Combining semiconductor-based sequencing with amplicon-based cancer gene panels: A rapid next-gen approach to clinical cancer genotyping.

Abstract

10591 Background: Bringing next-gen sequencing into clinical (CLIA-licensed) laboratories is an important step in the advancement of personalized cancer care. We have validated a new sequencing approach on the Ion Torrent (IT) PGM using the AmpliSeq Cancer Panel, which covers hotspot regions across 46 commonly mutated cancer genes. Methods: The AmpliSeq panel is comprised of 190 primer pairs that are co-amplified in a single tube to generate amplicons for sequencing. In our testing only 10ng of input DNA was used. Initial PCR was for 20 cycles, after which the amplicons were ligated with sequencing/barcode adapters, amplified for an additional 7 cycles, and then subjected to emulsion PCR. The resulting nanospheres were sequenced on an IT 316 chip. Results: We sequenced 44 samples of FFPE-derived tumor DNA that were previously genotyped on a mass spectroscopy (MS)-based panel.
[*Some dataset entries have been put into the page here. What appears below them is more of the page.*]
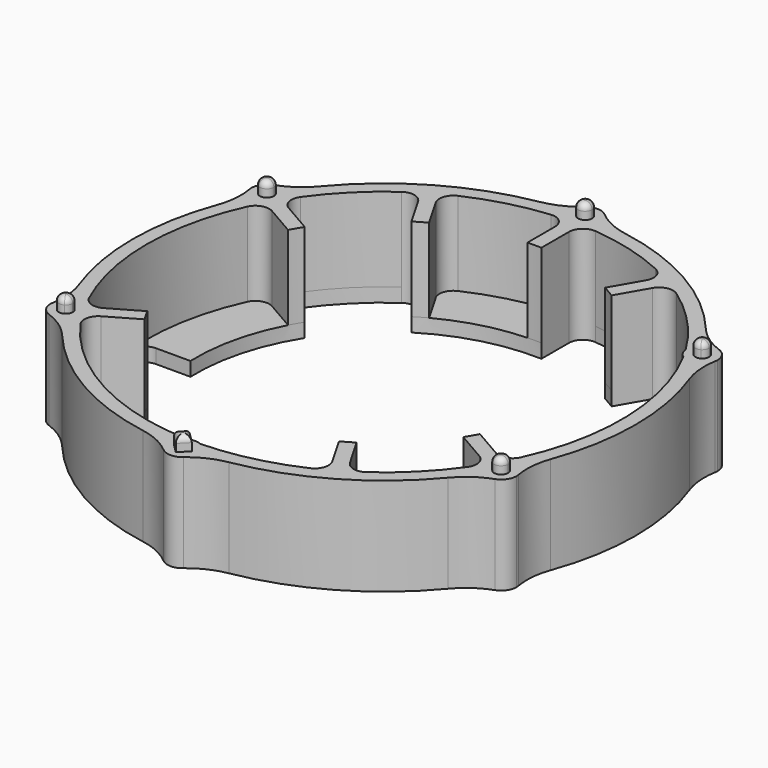
from build123d import *

# Parameters (mm, degrees)
F1_R         = 18
F1_R_2       = 17
F2_DEPTH     = 7
F3_DEPTH     = 7
F4_DEPTH     = 1
F6_DEPTH     = 7
F7_R         = 1
F8_R         = 5
F9_DEPTH     = 8
F10_R        = 0.44999
F11_DEPTH    = 1.8
F12_R        = 13.47
F13_DEPTH    = 1
F14_DEPTH    = 1
F15_T1_DEPTH = 1
F15_T3_DEPTH = 3.7395798703


# Not quite as in the source:
# - a fillet or chamfer that OpenCascade refuses, or shapes differently, is made with other operations: its cross-section is extruded or revolved along the edge and cut away or added
# - a fillet or chamfer is up to 0.001 mm smaller than in the source, because OpenCascade refuses the exact size


with BuildPart() as f2:
    # F1 (on Top) → F2 (new body)
    with BuildSketch(Plane.XY):
        Circle(F1_R)
        Circle(F1_R_2, mode=Mode.SUBTRACT)
    extrude(amount=F2_DEPTH)

    # F0 (on Top) → F3 (join)
    with BuildSketch(Plane.XY):
        with BuildLine():
            Line((-11.4073228059, 7.1633711619), (-14.4660626528, 8.9293354359))
            ThreePointArc((-14.4660626528, 8.9293354359), (-14.7224318643, 8.5), (-14.9660626528, 8.0633100321))
            Line((-14.9660626528, 8.0633100321), (-11.9073228059, 6.2973457581))
            ThreePointArc((-11.9073228059, 6.2973457581), (-11.665362189, 6.735), (-11.4073228059, 7.1633711619))
        make_face()
        with BuildLine():
            Line((7.1633711619, 11.4073228059), (8.9293354359, 14.4660626528))
            ThreePointArc((8.9293354359, 14.4660626528), (8.5, 14.7224318643), (8.0633100321, 14.9660626528))
            Line((8.0633100321, 14.9660626528), (6.2973457581, 11.9073228059))
            ThreePointArc((6.2973457581, 11.9073228059), (6.735, 11.665362189), (7.1633711619, 11.4073228059))
        make_face()
        with BuildLine():
            ThreePointArc((-14.9660626528, -8.0633100321), (-14.7224318643, -8.5), (-14.4660626528, -8.9293354359))
            Line((-14.4660626528, -8.9293354359), (-11.4073228059, -7.1633711619))
            ThreePointArc((-11.4073228059, -7.1633711619), (-11.665362189, -6.735), (-11.9073228059, -6.2973457581))
            Line((-11.9073228059, -6.2973457581), (-14.9660626528, -8.0633100321))
        make_face()
        with BuildLine():
            Line((-6.2973457581, 11.9073228059), (-8.0633100321, 14.9660626528))
            ThreePointArc((-8.0633100321, 14.9660626528), (-8.5, 14.7224318643), (-8.9293354359, 14.4660626528))
            Line((-8.9293354359, 14.4660626528), (-7.1633711619, 11.4073228059))
            ThreePointArc((-7.1633711619, 11.4073228059), (-6.735, 11.665362189), (-6.2973457581, 11.9073228059))
        make_face()
        with BuildLine():
            Line((0.5, 13.46071692), (0.5, 16.992645468))
            ThreePointArc((0.5, 16.992645468), (0, 17), (-0.5, 16.992645468))
            Line((-0.5, 16.992645468), (-0.5, 13.46071692))
            ThreePointArc((-0.5, 13.46071692), (0, 13.47), (0.5, 13.46071692))
        make_face()
        with BuildLine():
            ThreePointArc((14.4660626528, -8.9293354359), (14.7224318643, -8.5), (14.9660626528, -8.0633100321))
            Line((14.9660626528, -8.0633100321), (11.9073228059, -6.2973457581))
            ThreePointArc((11.9073228059, -6.2973457581), (11.665362189, -6.735), (11.4073228059, -7.1633711619))
            Line((11.4073228059, -7.1633711619), (14.4660626528, -8.9293354359))
        make_face()
        with BuildLine():
            ThreePointArc((8.0633100321, -14.9660626528), (8.5, -14.7224318643), (8.9293354359, -14.4660626528))
            Line((8.9293354359, -14.4660626528), (7.1633711619, -11.4073228059))
            ThreePointArc((7.1633711619, -11.4073228059), (6.735, -11.665362189), (6.2973457581, -11.9073228059))
            Line((6.2973457581, -11.9073228059), (8.0633100321, -14.9660626528))
        make_face()
    extrude(amount=F3_DEPTH)

    # F1 (on Top) → F4 (join)
    with BuildSketch(Plane.XY):
        Circle(F1_R)
        Circle(F1_R_2, mode=Mode.SUBTRACT)
        Circle(F1_R_2)
    extrude(amount=F4_DEPTH)

    # F5 (on Top) → F6 (join)
    with BuildSketch(Plane.XY):
        with BuildLine():
            ThreePointArc((-14.4884572681, 9), (-14.6275367743, 9.5353800561), (-15.0096060035, 9.935377578))
            ThreePointArc((-15.0096060035, 9.935377578), (-15.1731450826, 9.6837837802), (-15.3324673166, 9.4294987133))
            ThreePointArc((-15.3324673166, 9.4294987133), (-15.153718855, 9.2469868663), (-15.0884572681, 9))
            ThreePointArc((-15.0884572681, 9), (-15.3354561915, 8.5687338928), (-15.832419089, 8.5635568422))
            ThreePointArc((-15.832419089, 8.5635568422), (-15.9729752997, 8.2984372068), (-16.1090923805, 8.0310113108))
            ThreePointArc((-16.1090923805, 8.0310113108), (-15.0239657375, 8.0558870238), (-14.4884572681, 9))
        make_face()
        with BuildLine():
            ThreePointArc((-15.3324673166, 9.4294987133), (-15.1731450826, 9.6837837802), (-15.0096060035, 9.935377578))
            ThreePointArc((-15.0096060035, 9.935377578), (-16.5410852123, 9.55), (-16.1090923805, 8.0310113108))
            ThreePointArc((-16.1090923805, 8.0310113108), (-15.9729752997, 8.2984372068), (-15.832419089, 8.5635568422))
            ThreePointArc((-15.832419089, 8.5635568422), (-16.02146997, 9.25), (-15.3324673166, 9.4294987133))
        make_face()
        with BuildLine():
            ThreePointArc((-1.099486377, 17.9663888889), (0, 16.9), (1.099486377, 17.9663888889))
            ThreePointArc((1.099486377, 17.9663888889), (0.7998302171, 17.982220987), (0.4999517724, 17.9930555556))
            ThreePointArc((0.4999517724, 17.9930555556), (0, 17.5), (-0.4999517724, 17.9930555556))
            ThreePointArc((-0.4999517724, 17.9930555556), (-0.7998302171, 17.982220987), (-1.099486377, 17.9663888889))
        make_face()
        with BuildLine():
            ThreePointArc((0.4999517724, 17.9930555556), (0.7998302171, 17.982220987), (1.099486377, 17.9663888889))
            ThreePointArc((1.099486377, 17.9663888889), (1.0998715868, 17.9831924823), (1.1, 18))
            ThreePointArc((1.1, 18), (-0.0168075177, 19.0998715868), (-1.099486377, 17.9663888889))
            ThreePointArc((-1.099486377, 17.9663888889), (-0.7998302171, 17.982220987), (-0.4999517724, 17.9930555556))
            ThreePointArc((-0.4999517724, 17.9930555556), (-0.003472306, 18.4999879429), (0.5, 18))
            ThreePointArc((0.5, 18), (0.4999879429, 17.996527694), (0.4999517724, 17.9930555556))
        make_face()
        with BuildLine():
            ThreePointArc((15.832419089, 8.5635568422), (15.9729752997, 8.2984372068), (16.1090923805, 8.0310113108))
            ThreePointArc((16.1090923805, 8.0310113108), (16.5325702443, 8.4355084694), (16.6884572681, 9))
            ThreePointArc((16.6884572681, 9), (16.1238373242, 9.9609204939), (15.0096060035, 9.935377578))
            ThreePointArc((15.0096060035, 9.935377578), (15.1731450826, 9.6837837802), (15.3324673166, 9.4294987133))
            ThreePointArc((15.3324673166, 9.4294987133), (15.8354441344, 9.4347384132), (16.0884572681, 9))
            ThreePointArc((16.0884572681, 9), (16.0197233753, 8.7469989234), (15.832419089, 8.5635568422))
        make_face()
        with BuildLine():
            ThreePointArc((15.0096060035, 9.935377578), (14.635829324, 8.45), (16.1090923805, 8.0310113108))
            ThreePointArc((16.1090923805, 8.0310113108), (15.9729752997, 8.2984372068), (15.832419089, 8.5635568422))
            ThreePointArc((15.832419089, 8.5635568422), (15.1554445662, 8.75), (15.3324673166, 9.4294987133))
            ThreePointArc((15.3324673166, 9.4294987133), (15.1731450826, 9.6837837802), (15.0096060035, 9.935377578))
        make_face()
        with BuildLine():
            ThreePointArc((-15.3324673166, -9.4294987133), (-15.1731450826, -9.6837837802), (-15.0096060035, -9.935377578))
            ThreePointArc((-15.0096060035, -9.935377578), (-14.6275367743, -9.5353800561), (-14.4884572681, -9))
            ThreePointArc((-14.4884572681, -9), (-15.0239657375, -8.0558870238), (-16.1090923805, -8.0310113108))
            ThreePointArc((-16.1090923805, -8.0310113108), (-15.9729752997, -8.2984372068), (-15.832419089, -8.5635568422))
            ThreePointArc((-15.832419089, -8.5635568422), (-15.3354561915, -8.5687338928), (-15.0884572681, -9))
            ThreePointArc((-15.0884572681, -9), (-15.153718855, -9.2469868663), (-15.3324673166, -9.4294987133))
        make_face()
        with BuildLine():
            ThreePointArc((-16.1090923805, -8.0310113108), (-16.5410852123, -9.55), (-15.0096060035, -9.935377578))
            ThreePointArc((-15.0096060035, -9.935377578), (-15.1731450826, -9.6837837802), (-15.3324673166, -9.4294987133))
            ThreePointArc((-15.3324673166, -9.4294987133), (-16.02146997, -9.25), (-15.832419089, -8.5635568422))
            ThreePointArc((-15.832419089, -8.5635568422), (-15.9729752997, -8.2984372068), (-16.1090923805, -8.0310113108))
        make_face()
        with BuildLine():
            ThreePointArc((0.6255239257, -17.9891278226), (0.8625800837, -17.9793202207), (1.099486377, -17.9663888889))
            ThreePointArc((1.099486377, -17.9663888889), (0, -16.9), (-1.099486377, -17.9663888889))
            ThreePointArc((-1.099486377, -17.9663888889), (-0.8625800837, -17.9793202207), (-0.6255239257, -17.9891278226))
            Line((-0.6255239257, -17.9891278226), (0, -17.3636038969))
            Line((0, -17.3636038969), (0.6255239257, -17.9891278226))
        make_face()
        with BuildLine():
            ThreePointArc((1.1, -18), (1.0998715868, -17.9831924823), (1.099486377, -17.9663888889))
            ThreePointArc((1.099486377, -17.9663888889), (0.8625800837, -17.9793202207), (0.6255239257, -17.9891278226))
            Line((0.6255239257, -17.9891278226), (0.6363961031, -18))
            Line((0.6363961031, -18), (0, -18.6363961031))
            Line((0, -18.6363961031), (-0.6363961031, -18))
            Line((-0.6363961031, -18), (-0.6255239257, -17.9891278226))
            ThreePointArc((-0.6255239257, -17.9891278226), (-0.8625800837, -17.9793202207), (-1.099486377, -17.9663888889))
            ThreePointArc((-1.099486377, -17.9663888889), (-0.0168075177, -19.0998715868), (1.1, -18))
        make_face()
        with BuildLine():
            ThreePointArc((16.6884572681, -9), (16.5325702443, -8.4355084694), (16.1090923805, -8.0310113108))
            ThreePointArc((16.1090923805, -8.0310113108), (15.9729752997, -8.2984372068), (15.832419089, -8.5635568422))
            ThreePointArc((15.832419089, -8.5635568422), (16.0197233753, -8.7469989234), (16.0884572681, -9))
            ThreePointArc((16.0884572681, -9), (15.8354441344, -9.4347384132), (15.3324673166, -9.4294987133))
            ThreePointArc((15.3324673166, -9.4294987133), (15.1731450826, -9.6837837802), (15.0096060035, -9.935377578))
            ThreePointArc((15.0096060035, -9.935377578), (16.1238373242, -9.9609204939), (16.6884572681, -9))
        make_face()
        with BuildLine():
            ThreePointArc((15.832419089, -8.5635568422), (15.9729752997, -8.2984372068), (16.1090923805, -8.0310113108))
            ThreePointArc((16.1090923805, -8.0310113108), (14.635829324, -8.45), (15.0096060035, -9.935377578))
            ThreePointArc((15.0096060035, -9.935377578), (15.1731450826, -9.6837837802), (15.3324673166, -9.4294987133))
            ThreePointArc((15.3324673166, -9.4294987133), (15.1554445662, -8.75), (15.832419089, -8.5635568422))
        make_face()
        with BuildLine():
            ThreePointArc((-15.0884572681, 9), (-15.153718855, 9.2469868663), (-15.3324673166, 9.4294987133))
            ThreePointArc((-15.3324673166, 9.4294987133), (-15.5884572681, 9), (-15.832419089, 8.5635568422))
            ThreePointArc((-15.832419089, 8.5635568422), (-15.3354561915, 8.5687338928), (-15.0884572681, 9))
        make_face()
        with BuildLine():
            ThreePointArc((-15.832419089, 8.5635568422), (-15.5884572681, 9), (-15.3324673166, 9.4294987133))
            ThreePointArc((-15.3324673166, 9.4294987133), (-16.02146997, 9.25), (-15.832419089, 8.5635568422))
        make_face()
        with BuildLine():
            ThreePointArc((-0.4999517724, 17.9930555556), (0, 18), (0.4999517724, 17.9930555556))
            ThreePointArc((0.4999517724, 17.9930555556), (0.4999879429, 17.996527694), (0.5, 18))
            ThreePointArc((0.5, 18), (-0.003472306, 18.4999879429), (-0.4999517724, 17.9930555556))
        make_face()
        with BuildLine():
            ThreePointArc((-0.4999517724, 17.9930555556), (0, 17.5), (0.4999517724, 17.9930555556))
            ThreePointArc((0.4999517724, 17.9930555556), (0, 18), (-0.4999517724, 17.9930555556))
        make_face()
        with BuildLine():
            ThreePointArc((15.3324673166, 9.4294987133), (15.5884572681, 9), (15.832419089, 8.5635568422))
            ThreePointArc((15.832419089, 8.5635568422), (16.0197233753, 8.7469989234), (16.0884572681, 9))
            ThreePointArc((16.0884572681, 9), (15.8354441344, 9.4347384132), (15.3324673166, 9.4294987133))
        make_face()
        with BuildLine():
            ThreePointArc((15.3324673166, 9.4294987133), (15.1554445662, 8.75), (15.832419089, 8.5635568422))
            ThreePointArc((15.832419089, 8.5635568422), (15.5884572681, 9), (15.3324673166, 9.4294987133))
        make_face()
        with BuildLine():
            ThreePointArc((16.0884572681, -9), (16.0197233753, -8.7469989234), (15.832419089, -8.5635568422))
            ThreePointArc((15.832419089, -8.5635568422), (15.5884572681, -9), (15.3324673166, -9.4294987133))
            ThreePointArc((15.3324673166, -9.4294987133), (15.8354441344, -9.4347384132), (16.0884572681, -9))
        make_face()
        with BuildLine():
            ThreePointArc((15.3324673166, -9.4294987133), (15.5884572681, -9), (15.832419089, -8.5635568422))
            ThreePointArc((15.832419089, -8.5635568422), (15.1554445662, -8.75), (15.3324673166, -9.4294987133))
        make_face()
        with BuildLine():
            Line((0.6363961031, -18), (0.6255239257, -17.9891278226))
            ThreePointArc((0.6255239257, -17.9891278226), (0, -18), (-0.6255239257, -17.9891278226))
            Line((-0.6255239257, -17.9891278226), (-0.6363961031, -18))
            Line((-0.6363961031, -18), (0, -18.6363961031))
            Line((0, -18.6363961031), (0.6363961031, -18))
        make_face()
        with BuildLine():
            ThreePointArc((-15.832419089, -8.5635568422), (-16.02146997, -9.25), (-15.3324673166, -9.4294987133))
            ThreePointArc((-15.3324673166, -9.4294987133), (-15.5884572681, -9), (-15.832419089, -8.5635568422))
        make_face()
        with BuildLine():
            ThreePointArc((-15.832419089, -8.5635568422), (-15.5884572681, -9), (-15.3324673166, -9.4294987133))
            ThreePointArc((-15.3324673166, -9.4294987133), (-15.153718855, -9.2469868663), (-15.0884572681, -9))
            ThreePointArc((-15.0884572681, -9), (-15.3354561915, -8.5687338928), (-15.832419089, -8.5635568422))
        make_face()
        with BuildLine():
            ThreePointArc((-0.6255239257, -17.9891278226), (0, -18), (0.6255239257, -17.9891278226))
            Line((0.6255239257, -17.9891278226), (0, -17.3636038969))
            Line((0, -17.3636038969), (-0.6255239257, -17.9891278226))
        make_face()
    extrude(amount=F6_DEPTH)

    # F7
    f7_edges = [f2.edges().sort_by_distance(p)[0] for p in [
        (0.5, 16.992645, 4),
        (8.06331, 14.966063, 4),
        (-14.966063, -8.06331, 4),
        (8.929335, -14.466063, 4),
        (14.966063, -8.06331, 4),
        (-0.5, 16.992645, 4),
        (-14.966063, 8.06331, 4),
        (-8.929335, 14.466063, 4),
        (-14.466063, 8.929335, 4),
        (-8.06331, 14.966063, 4),
        (-14.466063, -8.929335, 4),
        (8.929335, 14.466063, 4),
        (8.06331, -14.966063, 4),
        (14.466063, -8.929335, 4),
    ]]
    fillet(f7_edges, radius=F7_R)

    # F8 (call 1 of 12: OpenCascade refuses the feature's edges together)
    f8_edges = [f2.edges().sort_by_distance(p)[0] for p in [
        (-16.109092, 8.031011, 3.5),
    ]]
    fillet(f8_edges, radius=F8_R)

    # F8#2 (call 2 of 12)
    f8_2_edges = [f2.edges().sort_by_distance(p)[0] for p in [
        (-15.009606, 9.935378, 3.5),
    ]]
    fillet(f8_2_edges, radius=F8_R)

    # F8#3 (call 3 of 12)
    f8_3_edges = [f2.edges().sort_by_distance(p)[0] for p in [
        (-1.099486, 17.966389, 3.5),
    ]]
    fillet(f8_3_edges, radius=F8_R)

    # F8#4 (call 4 of 12)
    f8_4_edges = [f2.edges().sort_by_distance(p)[0] for p in [
        (1.099486, 17.966389, 3.5),
    ]]
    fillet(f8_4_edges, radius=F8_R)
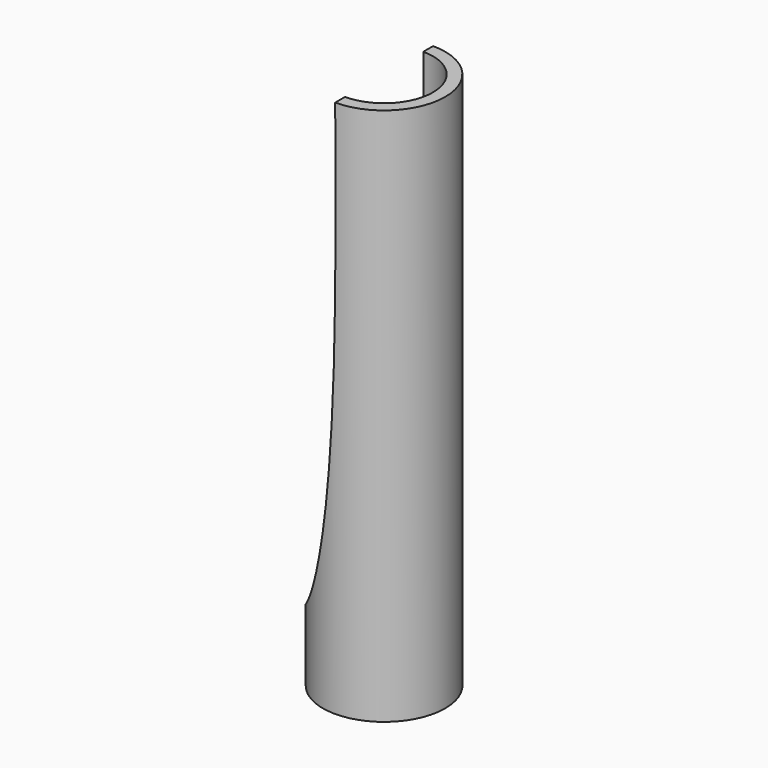
from build123d import *

# Parameters (mm, degrees)
F0_R          = 31.75
F0_R_2        = 25.4
F1_DEPTH      = 279.4
F3_DEPTH      = 31.751
F3_DEPTH_BACK = 31.751


with BuildPart() as f1:
    # F0 (on Top) → F1 (new body)
    with BuildSketch(Plane.XY):
        Circle(F0_R)
        Circle(F0_R_2, mode=Mode.SUBTRACT)
    extrude(amount=F1_DEPTH)

    # F2 (on Front) → F3 (cut, two sides)
    with BuildSketch(Plane.XZ) as f3_sk:
        with BuildLine():
            add(Edge.make_bspline(
                [(0, 298.2918024063), (0, 213.7468606234), (5.0540628254, 23.6161296496), (-40.6106183642, 33.05023015), (-57.3497712612, 12.2780762613)],
                knots=[0, 0, 0, 0, 0.685028541, 1, 1, 1, 1], degree=3))
            Line((0, 298.2918024063), (-57.3497712612, 299.4403541088))
            Line((-57.3497712612, 299.4403541088), (-57.3497712612, 12.2780762613))
        make_face()
    extrude(amount=F3_DEPTH, mode=Mode.SUBTRACT)
    extrude(f3_sk.sketch, amount=-F3_DEPTH_BACK, mode=Mode.SUBTRACT)


solid = f1.part
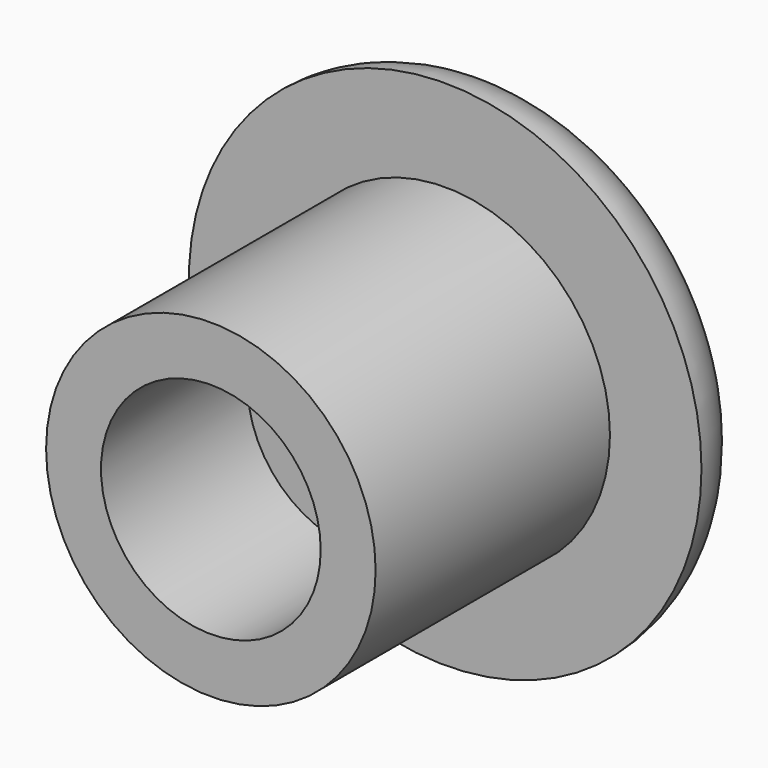
from build123d import *

# Parameters (mm, degrees)
F0_R     = 4.5
F1_DEPTH = 8
F0_R_2   = 7
F2_DEPTH = 2
F3_R     = 1.99999
F4_R     = 3
F5_DEPTH = 5


# Not quite as in the source:
# - a fillet or chamfer is up to 0.001 mm smaller than in the source, because OpenCascade refuses the exact size


with BuildPart() as f1:
    # F0 (on Front) → F1 (new body)
    with BuildSketch(Plane.XZ):
        Circle(F0_R)
    extrude(amount=F1_DEPTH)

    # F0 (on Front) → F2 (join)
    with BuildSketch(Plane.XZ):
        Circle(F0_R_2)
        Circle(F0_R, mode=Mode.SUBTRACT)
        Circle(F0_R)
    extrude(amount=-F2_DEPTH)

    # F3 (radius 2 in the source; OpenCascade refuses exactly that, so slightly less here)
    f3_edges = [f1.edges().sort_by_distance(p)[0] for p in [
        (-7, 2, 0),
    ]]
    fillet(f3_edges, radius=F3_R)

    # F4 (on face) → F5 (cut)
    with BuildSketch(Plane.XZ.offset(8)):
        Circle(F4_R)
    extrude(amount=-F5_DEPTH, mode=Mode.SUBTRACT)


solid = f1.part

Samples were barcoded and sequenced in batches of 4, yielding an average of 2034 reads per amplicon (range: 95-5162) and an average read length of 76bp. Overall, 95.4% of reads were on target, and 79% of reads were AQ20 or better; 95% of the 190 amplicons had over 500 reads. All 42 known point mutations were accurately identified by the variant caller software. Seventeen in/dels from 4 to 63 bp in length were at least partially visible upon manual inspection of the read alignments, but some were not accurately called by the software. In addition, 22 new mutations were identified in gene regions not covered on our MS-based panel. We demonstrated sensitivity to the level of 5% mutant allele, and the correlation between allelic ratios measured by MS and IT sequencing was excellent (r2=0.81). Two DNA samples from laser-captured tumor worked well with the AmpliSeq Panel. Conclusions: Combining solid-state sequencing with a highly multiplexed PCR method for library construction is a rapid (48 hr) approach for next-gen sequencing of clinical cancer samples. The process is highly scalable and larger, cancer-specific amplicon panels are in development. Automated identification of in/dels remains a challenge in next-gen sequencing output.